But the search failed to find any felony fitting the unique facts in the case of the 31-year-old Franklin woman accused of pretending to be a boy named Matt to help build sexual relationships with teenage girls in Springboro and Middletown.
“It’s something we looked at extensively,” said Matt Nolan, spokesman for the county prosecutor’s office. “There’s nothing like that.”
To the chagrin of some observers around the country, Dye faces no prison — and no more than nine months in the county jail if convicted — as a result of the misdemeanor indictments against her.
Awaiting her Aug. 23 trial, Dye remains in the Lebanon jail, where she has already served more than a month. She has no prior criminal record and could qualify for probation.
Tracey Steele, director of Wright State University’s Criminal Justice program, said cases involving women pretending to be boys to lure girls into sexual relationships are “virtually nonexistent.”
Reactions to changes in society’s views of gender and sex expression could be fueling the outcry in the Dye case, she said.
“Today, we have greater awareness of the diversity of personal expression as well as some concrete social change, which may make some people uncomfortable,” she said.
Dye, who pleaded not guilty during a hearing last week, was arrested June 30 after police found a 16-year-old Springboro girl on the streets of Franklin, three days after she had run away from home, malnourished and with sores on her feet.
Police first confronted questions about Dye’s gender as they interviewed the alleged victim and other potential witnesses.

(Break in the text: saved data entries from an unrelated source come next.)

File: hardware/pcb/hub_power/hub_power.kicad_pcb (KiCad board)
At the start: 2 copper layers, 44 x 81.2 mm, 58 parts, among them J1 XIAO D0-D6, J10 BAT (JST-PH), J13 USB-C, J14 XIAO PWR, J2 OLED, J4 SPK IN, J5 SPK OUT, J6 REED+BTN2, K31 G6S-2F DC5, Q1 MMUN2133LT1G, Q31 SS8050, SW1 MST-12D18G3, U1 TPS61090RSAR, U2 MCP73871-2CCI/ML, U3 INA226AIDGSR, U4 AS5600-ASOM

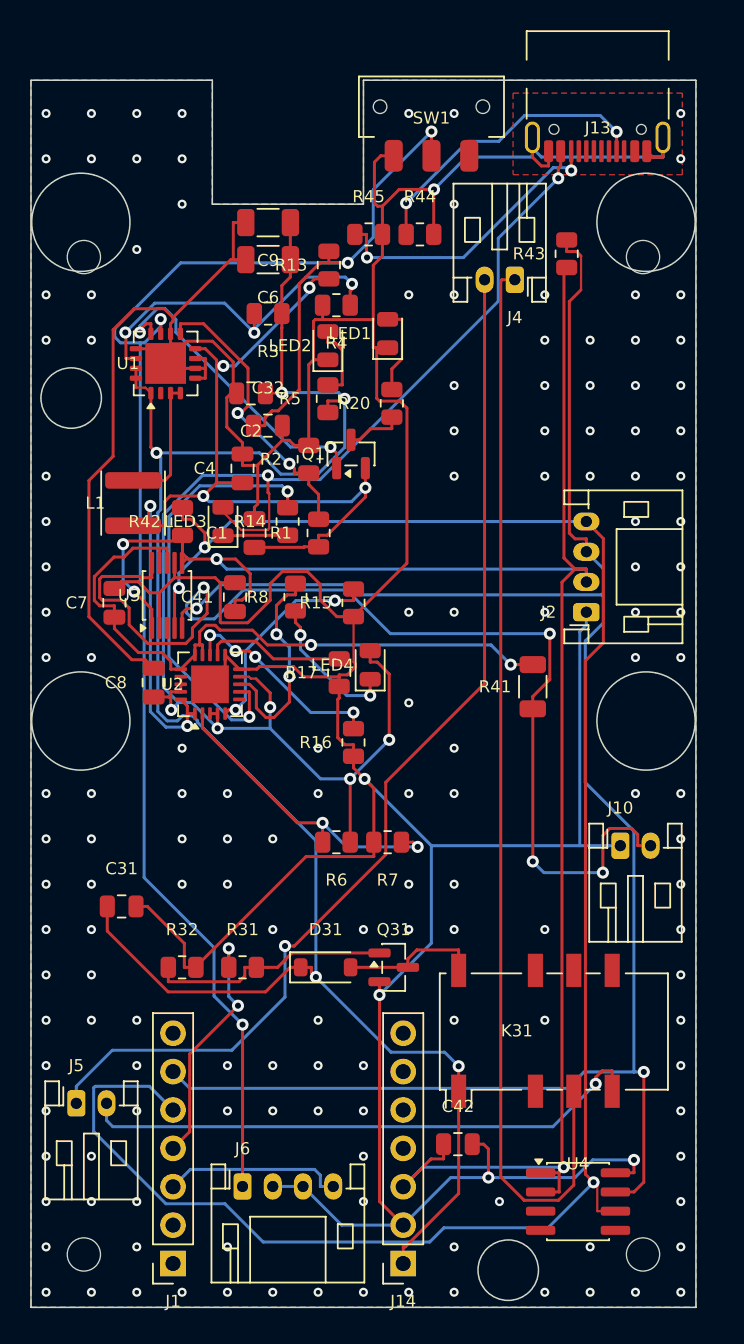
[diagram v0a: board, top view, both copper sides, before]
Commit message: 🔴 取付穴の上 2 つを下げる — 柱との芯間 2.309 でねじが入らなかった
ユーザーが模型を拡大して「これにどうやってネジいれるんですか？」。数えたら、
ハブの上の取付穴（3.5 / 40.5, 69.5）と OLED の柱（3.30 / 40.70, 71.80）の芯間が 2.309 で、
- 通し穴 φ2.6 と φ2.2 は半径の和 2.40 ⇒ 0.09 重なって 1 つの長穴になる
- ザグリ φ4 どうしは 1.69 重なる
- M2 のなべ頭 φ3.8 とナット（二面幅 4.0）は並ばない

- 🔒 上の 2 穴を Y 69.5 → **65.25** へ（柱まで 6.55）。格子 37 × 66 → **37 × 61.75**。
  左右そろう位置を板の全面から総当たりで探して選んだ（X 3.5 の列は柱 2 本に挟まれて
  Y 65.25 / 78.25 / 78.5 の 3 か所しか無い）
- J4（スピーカー IN）を 1.5mm 上げて場所を空けた
- ⛔ 「上の 2 本をやめて 2 点留めにする」案は断った。残る 2 点はどちらも板 Y 3.5 で
  同じ縁に並び、板がその線を軸に回る。ReSpeaker を真上から押し込む板なので保たない
- 🔴 **取付穴どうし・取付穴と柱の芯間の検査**を足した。枠の重なりだけ見ていて、
  ねじを回す物どうしの間隔を見ていなかった（口の通り道と同じ形の見落とし）
- 縫うビアの格子を 3.0 → 3.2 に（GND のベタの島が 1 つ孤立していた。111 個へ）
- POWER.md: 共締てを落とした理由を「不要だから」→「芯間を誰も数えていなかったから」に直した

結果: 配線 714 本 ＋ 縫うビア 111 個・未配線 0・DRC エラー 0・
check_sch 0 件・check_pcb は下限 0.15mm に対していちばん近いのが 0.152mm・
ねじの間隔 ✅・ナットの下 ✅・プラグの通り道 5 口 ✅・パッドの検算 4 点一致。
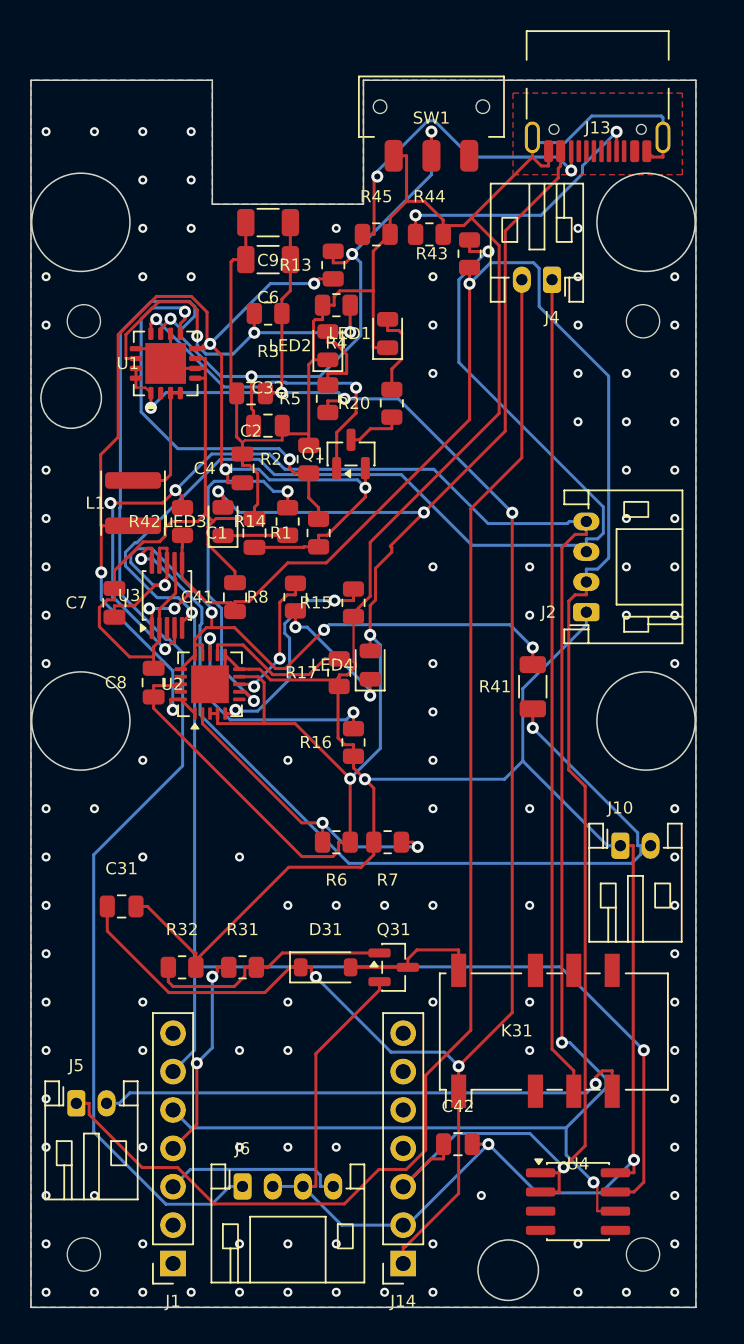
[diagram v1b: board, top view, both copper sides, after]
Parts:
- moved R43 6.43 mm to (89.0, 51.5)
- moved ? 4.25 mm to (63.5, 56.0)
- moved ? 4.25 mm to (100.5, 56.0)
- moved J4 2.47 mm to (94.5, 53.2)
- moved R44 0.63 mm to (86.4, 50.2)
- moved R45 0.51 mm to (82.8, 50.2)
- moved R13 0.29 mm to (80.0, 52.2)
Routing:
- net SPKP: track 72.4 -> 54.3 mm
- net SPKM: track 70.7 -> 88.0 mm, vias 1 -> 0
- net SCL: track 130.7 -> 144.8 mm, vias 2 -> 3
- net VSYS: track 72.0 -> 84.6 mm
- net BATP: track 73.3 -> 61.5 mm, vias 4 -> 2
- net LBI: track 19.6 -> 27.5 mm
- net VBUS: track 99.1 -> 106.6 mm, vias 7 -> 4
- net EN: track 110.0 -> 117.3 mm
- net V33: track 127.5 -> 134.5 mm
- net GND: track 327.5 -> 321.1 mm, vias 153 -> 114
- net VLIPO: track 45.2 -> 50.8 mm, vias 2 -> 4
- net STAT2: track 28.7 -> 23.4 mm
- net STAT1: track 14.4 -> 9.33 mm
- net SDA: track 130.4 -> 127.0 mm, vias 3 -> 5
- net IN: track 16.5 -> 14.0 mm
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
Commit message: 口の向きを表で持つのをやめ、置いてある足形から測る（手書きの OPEN_DIR は全部 180° 逆だった）
🔴 プラグの通り道の検査は 5 口とも「口の裏側」を見ていた。「5 口すべて空いている」は
裏側が空いていたという意味しか無く、実際は

  J2  相手が板の右の縁を 2.60 越えて殻の壁を貫く
  J4  相手が SW1 と J13 にぶつかる

という状態だった。ユーザーの「J4J5どうやって挿すんだ」への直しが、直し自体は
逆向きだったことになる。

直したもの:
- OPEN_DIR を捨て、open_dir() が**パッドの重心と枠の中心のずれ**から測る
  （口は必ずパッドと反対側に開く。📄 ePH.pdf 3 ページの足の位置が根拠）
- 帯の作り方を plug_band() 1 か所に閉じた（同じ式を 3 か所に書いて 2 か所で
  Y の符号を逆にしていた）
- J2 90°→270°・J4 180°→0°・J10 0°→180°。**どれもコメントに書いてあった意図の通りの向き**
  で、角度だけが壊れた表から出ていた。枠が動かないよう置き点も同じだけ動かした
- J2 は 270° にするとパッドが枠の反対の端へ移り、柱 (40.70, 38.80) の抜きに SCL と SDA が
  乗った。+3.3 上げた。**パッドと穴のすきまの検査**を新設（枠は柱を避けてもパッドは避けない）
- 口 5 つを FIXED に入れた。押し離しが口を動かすと通り道だけ取り残される
- 押し離しが押すのは相手の胴 3.1 まで。指のぶんまで押すと発散した
- 板の縁を越える帯は「間違い」ではなく「殻への注文」として別に出す
- C31/R32/R31 を Y 22.5 → 26.5。それまで車線が空いていたのは**向きを間違えた J5 の
  通り道**が C31 を押していたからで、直したら車線が消えて SCL が降りられなくなった

配線 732・縫いビア 101・未配線 0・DRC エラー 0・最小すきま 0.151mm・check_sch 0 件。
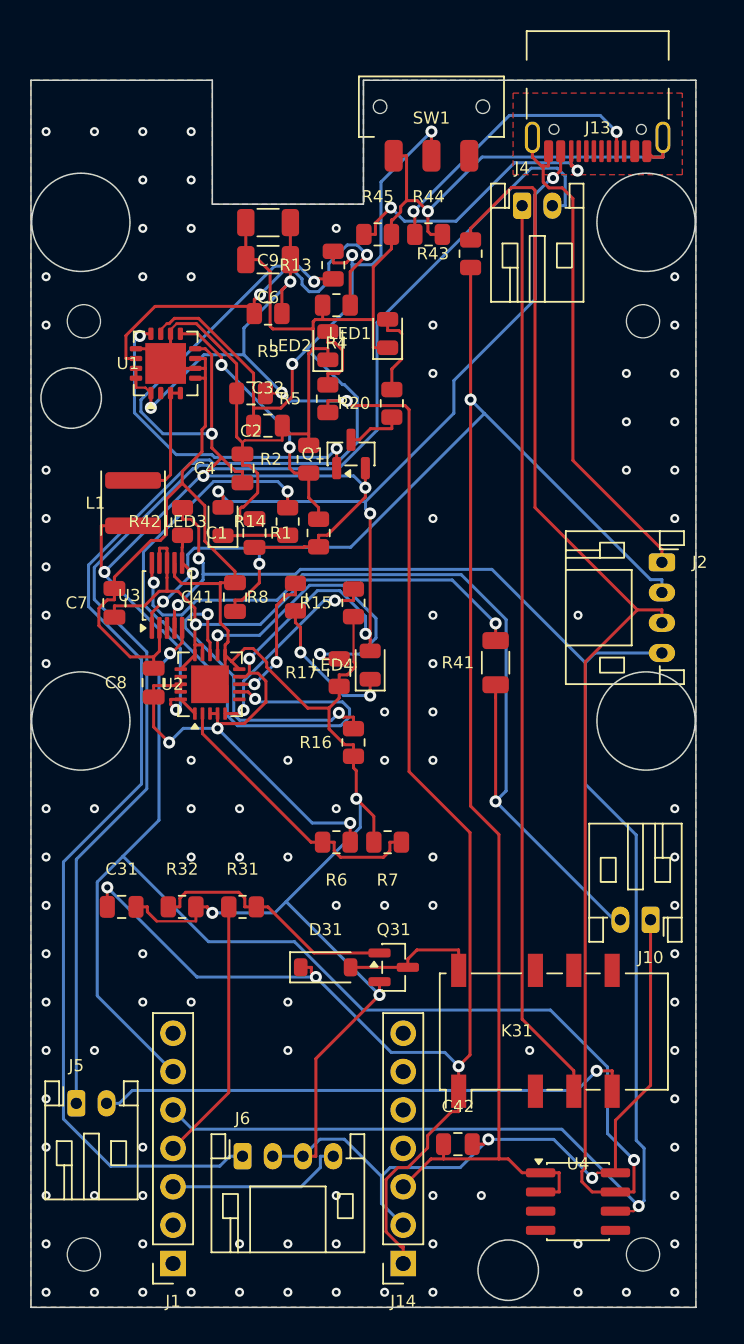
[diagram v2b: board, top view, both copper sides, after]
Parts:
- moved J2 5.99 mm to (101.8, 71.9), turned to 270 degrees
- moved J10 5.29 mm to (101.0, 95.5), turned to 180 degrees
- moved J4 5.29 mm to (92.5, 48.3), turned to 0 degrees
- moved R31 4.00 mm to (74.0, 94.7)
- moved R32 4.00 mm to (70.0, 94.7)
- moved R41 2.93 mm to (90.7, 78.5)
- moved J6 2.00 mm to (74.0, 111.2)
- moved R45 0.09 mm to (82.9, 50.2)
- moved R43 0.07 mm to (89.1, 51.5)
- moved R44 0.05 mm to (86.3, 50.2)
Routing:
- net STAT2: track 23.4 -> 42.9 mm
- net SCL: track 144.8 -> 163.0 mm, vias 3 -> 2
- net GND: track 321.1 -> 303.2 mm, vias 114 -> 107
- net VBUS: track 106.6 -> 94.4 mm, vias 4 -> 8
- net SDA: track 127.0 -> 115.8 mm, vias 5 -> 3
- net PROG3: track 9.96 -> 20.9 mm, vias 0 -> 2
- net VLIPO: track 50.8 -> 40.3 mm, vias 4 -> 2
- net LBI: track 27.5 -> 17.3 mm
- net EN: track 117.3 -> 123.9 mm, vias 4 -> 3
- net SPKP: track 54.3 -> 60.0 mm
- net PROG1: track 16.5 -> 21.1 mm
- net V33: track 134.5 -> 130.8 mm
- net IN: track 14.0 -> 17.5 mm, vias 2 -> 0
- net V5: track 128.4 -> 131.5 mm, vias 6 -> 7
- net FB: track 24.5 -> 27.5 mm, vias 3 -> 2
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
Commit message: J6 を 180° 回して口を谷（+Y）へ向ける — 殻を彫る話も上げる話も消える
調停役: 「線が壁へ向かって出ても曲げる場所が無い」（φ1.0 の線の曲げ半径は 5 倍で
5mm 見当・壁までは 2.25）。⇒ 口を板の内側へ向け、Y も元へ戻した。

  枠 板 X 11.55〜22.45 ・ Y 1.25〜9.85（箱 Y 4.25〜12.85）
  相手 3.1 も 指まで 10.0 も 谷の中で当たる物なし

⇒ 殻に空けてもらうのは J5 の下 3.25 だけになった。

未配線 0・DRC エラー 0・最小すきま 0.152mm。
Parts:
- moved J6 9.14 mm to (80.0, 118.1), turned to 180 degrees
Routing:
- net V5: track 131.5 -> 177.0 mm, vias 7 -> 5
- net GND: track 303.2 -> 346.8 mm, vias 107 -> 94
- net VBUS: track 94.4 -> 115.8 mm, vias 8 -> 5
- net V33: track 130.8 -> 150.4 mm
- net SCL: track 163.0 -> 143.4 mm, vias 2 -> 3
- net VSYS: track 86.3 -> 75.5 mm, vias 6 -> 5
- net EN: track 123.9 -> 114.3 mm
- net PROG3: track 20.9 -> 28.5 mm
- net FB: track 27.5 -> 21.1 mm
- net PROG1: track 21.1 -> 15.6 mm
- net BTN: track 11.9 -> 7.28 mm
- net BATP: track 60.4 -> 64.8 mm
- net CC2: track 19.0 -> 22.6 mm, vias 2 -> 0
- net LBO: track 22.2 -> 18.7 mm, vias 2 -> 0
- net SDA: track 115.8 -> 118.7 mm

The girl told police that Dye had sexual contact with her at her home before she turned 16 and in the woods behind the apartment on June 28, her birthday and the day she ran away.
Although she knew Dye was a female, another girl interviewed by police said “there were speculations about Dye’s true gender,” Springboro Officer Dustin Christian said in a report.
After Dye’s arrest, a Middletown family told police that Dye also pretended to be a boy while dating their 16-year-old daughter. Police declined to seek charges after determining no crimes had been committed.
“It’s just not right that (Dye) can get away with what she did to my daughter. She is hurt and embarrassed and it hurts her reputation,” the father said. “It’s hard to get over.”
After a Warren County grand jury declined to bring any felony charges against Dye, the Springboro girl and her mother expressed their displeasure in televised interviews echoed in reactions from across the country and including local prosecutors.
“There’s no doubt we’re as unhappy as anyone out there that there isn’t a more high-level crime,” Nolan said.
Among the limiting factors in prosecuting Dye was the Springboro girl’s age at the time of some of the alleged crimes: 16 is the age of consent. Until they turn 16, victims are considered incapable of “informed consent,” according to Ohio law.
To be convicted of unlawful sexual conduct with a minor, a felony, prosecutors would have had to prove the victim was younger than 16, Nolan said.
The grand jury indicted on charges of sexual imposition and attempted sexual imposition, based on alleged sexual contact before the girl’s 16th birthday.
A third charge, contributing to the unruliness or delinquency of a child, stems from Dye’s alleged role in the girl running away from home.
Nolan said prosecutors also were stifled by the absence of Ohio law making it a crime to pretend to be a different gender to pursue sexual relationships.
Rather than being identified simply as male or female, individual sex and gender expression are increasingly viewed “more on a continuum,” Steele said.
“The transgender community is starting to gain a lot of momentum,” said Steele, also an associate professor of sociology at Wright State.
The vast majority of pedophiles are adult men, some of whom try to gain youths’ trust by posing as boys or girls in online conversations, Steele said. Ohio law already addresses this problem.
Staff writer Jessica Heffner contributed to this report.
Contact this reporter at
(937) 225-2261 or lbudd
@
DaytonDailyNews
.com.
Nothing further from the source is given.